**AIM OF THE TASK:** Given the material below, output exactly the lines from the line with "In plain terms, the" to the line with "#6496 = ORIENTED_EDGE", both ends included, and no other lines.

..............................

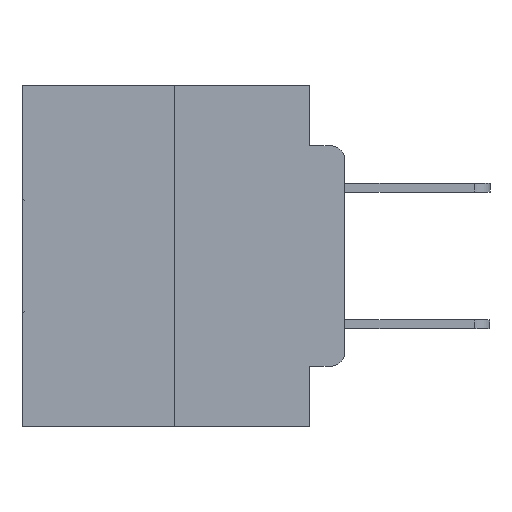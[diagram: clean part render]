
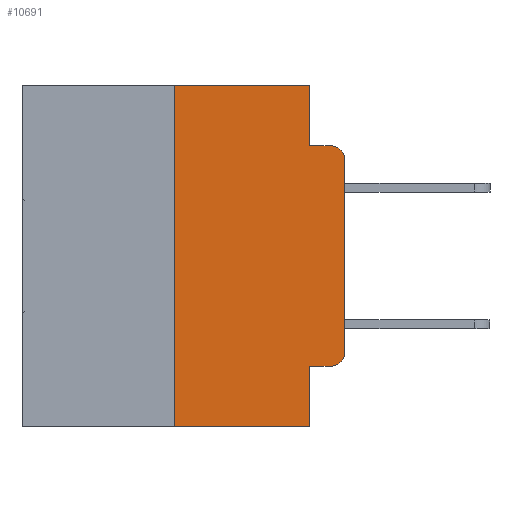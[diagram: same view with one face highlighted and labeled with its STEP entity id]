
A CAD part, left-side view. The second image highlights one B-rep face of the part: STEP entity #10691.
In plain terms, the highlighted planar face has unit normal (-1, 0, 0).
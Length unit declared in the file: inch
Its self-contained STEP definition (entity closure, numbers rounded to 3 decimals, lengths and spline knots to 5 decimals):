
#270 = EDGE_CURVE ( 'NONE', #4254, #9782, #1514, .T. ) ;
#792 = CARTESIAN_POINT ( 'NONE',  ( 0., 0.051, 0. ) ) ;
#1514 = LINE ( 'NONE', #19210, #6162 ) ;
#1526 = VECTOR ( 'NONE', #8411, 39.37008 ) ;
#1831 = DIRECTION ( 'NONE',  ( 0., -1., 0. ) ) ;
#2598 = CARTESIAN_POINT ( 'NONE',  ( 0., 0.473, 0. ) ) ;
#2614 = CIRCLE ( 'NONE', #10453, 0.02 ) ;
#3185 = VERTEX_POINT ( 'NONE', #13947 ) ;
#3411 = VERTEX_POINT ( 'NONE', #6931 ) ;
#3416 = EDGE_CURVE ( 'NONE', #18473, #3185, #23857, .T. ) ;
#3509 = FACE_OUTER_BOUND ( 'NONE', #7003, .T. ) ;
#3732 = VERTEX_POINT ( 'NONE', #16250 ) ;
#4254 = VERTEX_POINT ( 'NONE', #12574 ) ;
#4456 = VECTOR ( 'NONE', #24481, 39.37008 ) ;
#4489 = EDGE_CURVE ( 'NONE', #3732, #21680, #14633, .T. ) ;
#4745 = EDGE_CURVE ( 'NONE', #18473, #9782, #12843, .T. ) ;
#5945 = EDGE_CURVE ( 'NONE', #21307, #12909, #27629, .T. ) ;
#6162 = VECTOR ( 'NONE', #19360, 39.37008 ) ;
#6496 = ORIENTED_EDGE ( 'NONE', *, *, #24581, .F. ) ;
#6654 = CARTESIAN_POINT ( 'NONE',  ( 0., 0.25, 0. ) ) ;
#6899 = DIRECTION ( 'NONE',  ( 0., 0., 1. ) ) ;
#6931 = CARTESIAN_POINT ( 'NONE',  ( 0., 0.02, -0.4115 ) ) ;
#7003 = EDGE_LOOP ( 'NONE', ( #21339, #15913, #14517, #7195, #6496, #10992, #10291, #20682, #19338, #27861 ) ) ;
#7195 = ORIENTED_EDGE ( 'NONE', *, *, #28201, .F. ) ;
#7442 = EDGE_CURVE ( 'NONE', #21680, #12909, #2614, .T. ) ;
#7573 = LINE ( 'NONE', #12804, #1526 ) ;
#7626 = LINE ( 'NONE', #792, #12838 ) ;
#7674 = VERTEX_POINT ( 'NONE', #9140 ) ;
#7733 = CARTESIAN_POINT ( 'NONE',  ( 0., 0.02, -0.0885 ) ) ;
#7974 = VECTOR ( 'NONE', #1831, 39.37008 ) ;
#8381 = CARTESIAN_POINT ( 'NONE',  ( 0., 0.02, -0.1085 ) ) ;
#8411 = DIRECTION ( 'NONE',  ( 0., -1., 0. ) ) ;
#8532 = CARTESIAN_POINT ( 'NONE',  ( 0., 0.051, -0.4115 ) ) ;
#9140 = CARTESIAN_POINT ( 'NONE',  ( 0., 0.051, 0. ) ) ;
#9424 = PLANE ( 'NONE',  #23941 ) ;
#9782 = VERTEX_POINT ( 'NONE', #12595 ) ;
#10291 = ORIENTED_EDGE ( 'NONE', *, *, #4745, .T. ) ;
#10453 = AXIS2_PLACEMENT_3D ( 'NONE', #8381, #23743, #10620 ) ;
#10620 = DIRECTION ( 'NONE',  ( 0., 0., -1. ) ) ;
#10691 = ADVANCED_FACE ( 'NONE', ( #3509 ), #9424, .F. ) ;
#10707 = CARTESIAN_POINT ( 'NONE',  ( 0., 0., 0. ) ) ;
#10992 = ORIENTED_EDGE ( 'NONE', *, *, #3416, .F. ) ;
#11685 = DIRECTION ( 'NONE',  ( 0., 0., -1. ) ) ;
#12574 = CARTESIAN_POINT ( 'NONE',  ( 0., 0.051, -0.4115 ) ) ;
#12595 = CARTESIAN_POINT ( 'NONE',  ( 0., 0.051, -0.5 ) ) ;
#12782 = CARTESIAN_POINT ( 'NONE',  ( 0., 0.02, -0.3915 ) ) ;
#12804 = CARTESIAN_POINT ( 'NONE',  ( 0., 0.473, 0. ) ) ;
#12829 = CARTESIAN_POINT ( 'NONE',  ( 0., 0.051, -0.0885 ) ) ;
#12838 = VECTOR ( 'NONE', #18862, 39.37008 ) ;
#12843 = LINE ( 'NONE', #19138, #18093 ) ;
#12909 = VERTEX_POINT ( 'NONE', #7733 ) ;
#12934 = CARTESIAN_POINT ( 'NONE',  ( 0., 0.25, -0.5 ) ) ;
#13942 = LINE ( 'NONE', #8532, #7974 ) ;
#13947 = CARTESIAN_POINT ( 'NONE',  ( 0., 0.25, 0. ) ) ;
#14517 = ORIENTED_EDGE ( 'NONE', *, *, #5945, .F. ) ;
#14633 = LINE ( 'NONE', #10707, #25443 ) ;
#15038 = DIRECTION ( 'NONE',  ( 0., 0., -1. ) ) ;
#15913 = ORIENTED_EDGE ( 'NONE', *, *, #7442, .T. ) ;
#16250 = CARTESIAN_POINT ( 'NONE',  ( 0., 0., -0.3915 ) ) ;
#16374 = CARTESIAN_POINT ( 'NONE',  ( 0., 0.051, -0.0885 ) ) ;
#16643 = DIRECTION ( 'NONE',  ( 0., -1., 0. ) ) ;
#18093 = VECTOR ( 'NONE', #16643, 39.37008 ) ;
#18473 = VERTEX_POINT ( 'NONE', #12934 ) ;
#18854 = VECTOR ( 'NONE', #6899, 39.37008 ) ;
#18862 = DIRECTION ( 'NONE',  ( 0., 0., -1. ) ) ;
#19138 = CARTESIAN_POINT ( 'NONE',  ( 0., 0.473, -0.5 ) ) ;
#19210 = CARTESIAN_POINT ( 'NONE',  ( 0., 0.051, 0. ) ) ;
#19338 = ORIENTED_EDGE ( 'NONE', *, *, #19821, .T. ) ;
#19360 = DIRECTION ( 'NONE',  ( 0., 0., -1. ) ) ;
#19821 = EDGE_CURVE ( 'NONE', #4254, #3411, #13942, .T. ) ;
#20682 = ORIENTED_EDGE ( 'NONE', *, *, #270, .F. ) ;
#21307 = VERTEX_POINT ( 'NONE', #16374 ) ;
#21339 = ORIENTED_EDGE ( 'NONE', *, *, #4489, .T. ) ;
#21680 = VERTEX_POINT ( 'NONE', #22510 ) ;
#21841 = DIRECTION ( 'NONE',  ( 0., 0., 1. ) ) ;
#22510 = CARTESIAN_POINT ( 'NONE',  ( 0., 0., -0.1085 ) ) ;
#22615 = EDGE_CURVE ( 'NONE', #3411, #3732, #26837, .T. ) ;
#23743 = DIRECTION ( 'NONE',  ( -1., 0., 0. ) ) ;
#23857 = LINE ( 'NONE', #6654, #18854 ) ;
#23941 = AXIS2_PLACEMENT_3D ( 'NONE', #2598, #24738, #11685 ) ;
#24481 = DIRECTION ( 'NONE',  ( 0., -1., 0. ) ) ;
#24581 = EDGE_CURVE ( 'NONE', #3185, #7674, #7573, .T. ) ;
#24738 = DIRECTION ( 'NONE',  ( 1., 0., 0. ) ) ;
#25443 = VECTOR ( 'NONE', #21841, 39.37008 ) ;
#25857 = AXIS2_PLACEMENT_3D ( 'NONE', #12782, #27857, #15038 ) ;
#26837 = CIRCLE ( 'NONE', #25857, 0.02 ) ;
#27629 = LINE ( 'NONE', #12829, #4456 ) ;
#27857 = DIRECTION ( 'NONE',  ( -1., 0., 0. ) ) ;
#27861 = ORIENTED_EDGE ( 'NONE', *, *, #22615, .T. ) ;
#28201 = EDGE_CURVE ( 'NONE', #7674, #21307, #7626, .T. ) ;

..............................

**RESPONSE FOR THIS EXERCISE:**
In plain terms, the highlighted planar face has unit normal (-1, 0, 0).
Length unit declared in the file: inch
Its self-contained STEP definition (entity closure, numbers rounded to 3 decimals, lengths and spline knots to 5 decimals):
#270 = EDGE_CURVE ( 'NONE', #4254, #9782, #1514, .T. ) ;
#792 = CARTESIAN_POINT ( 'NONE',  ( 0., 0.051, 0. ) ) ;
#1514 = LINE ( 'NONE', #19210, #6162 ) ;
#1526 = VECTOR ( 'NONE', #8411, 39.37008 ) ;
#1831 = DIRECTION ( 'NONE',  ( 0., -1., 0. ) ) ;
#2598 = CARTESIAN_POINT ( 'NONE',  ( 0., 0.473, 0. ) ) ;
#2614 = CIRCLE ( 'NONE', #10453, 0.02 ) ;
#3185 = VERTEX_POINT ( 'NONE', #13947 ) ;
#3411 = VERTEX_POINT ( 'NONE', #6931 ) ;
#3416 = EDGE_CURVE ( 'NONE', #18473, #3185, #23857, .T. ) ;
#3509 = FACE_OUTER_BOUND ( 'NONE', #7003, .T. ) ;
#3732 = VERTEX_POINT ( 'NONE', #16250 ) ;
#4254 = VERTEX_POINT ( 'NONE', #12574 ) ;
#4456 = VECTOR ( 'NONE', #24481, 39.37008 ) ;
#4489 = EDGE_CURVE ( 'NONE', #3732, #21680, #14633, .T. ) ;
#4745 = EDGE_CURVE ( 'NONE', #18473, #9782, #12843, .T. ) ;
#5945 = EDGE_CURVE ( 'NONE', #21307, #12909, #27629, .T. ) ;
#6162 = VECTOR ( 'NONE', #19360, 39.37008 ) ;
#6496 = ORIENTED_EDGE ( 'NONE', *, *, #24581, .F. ) ;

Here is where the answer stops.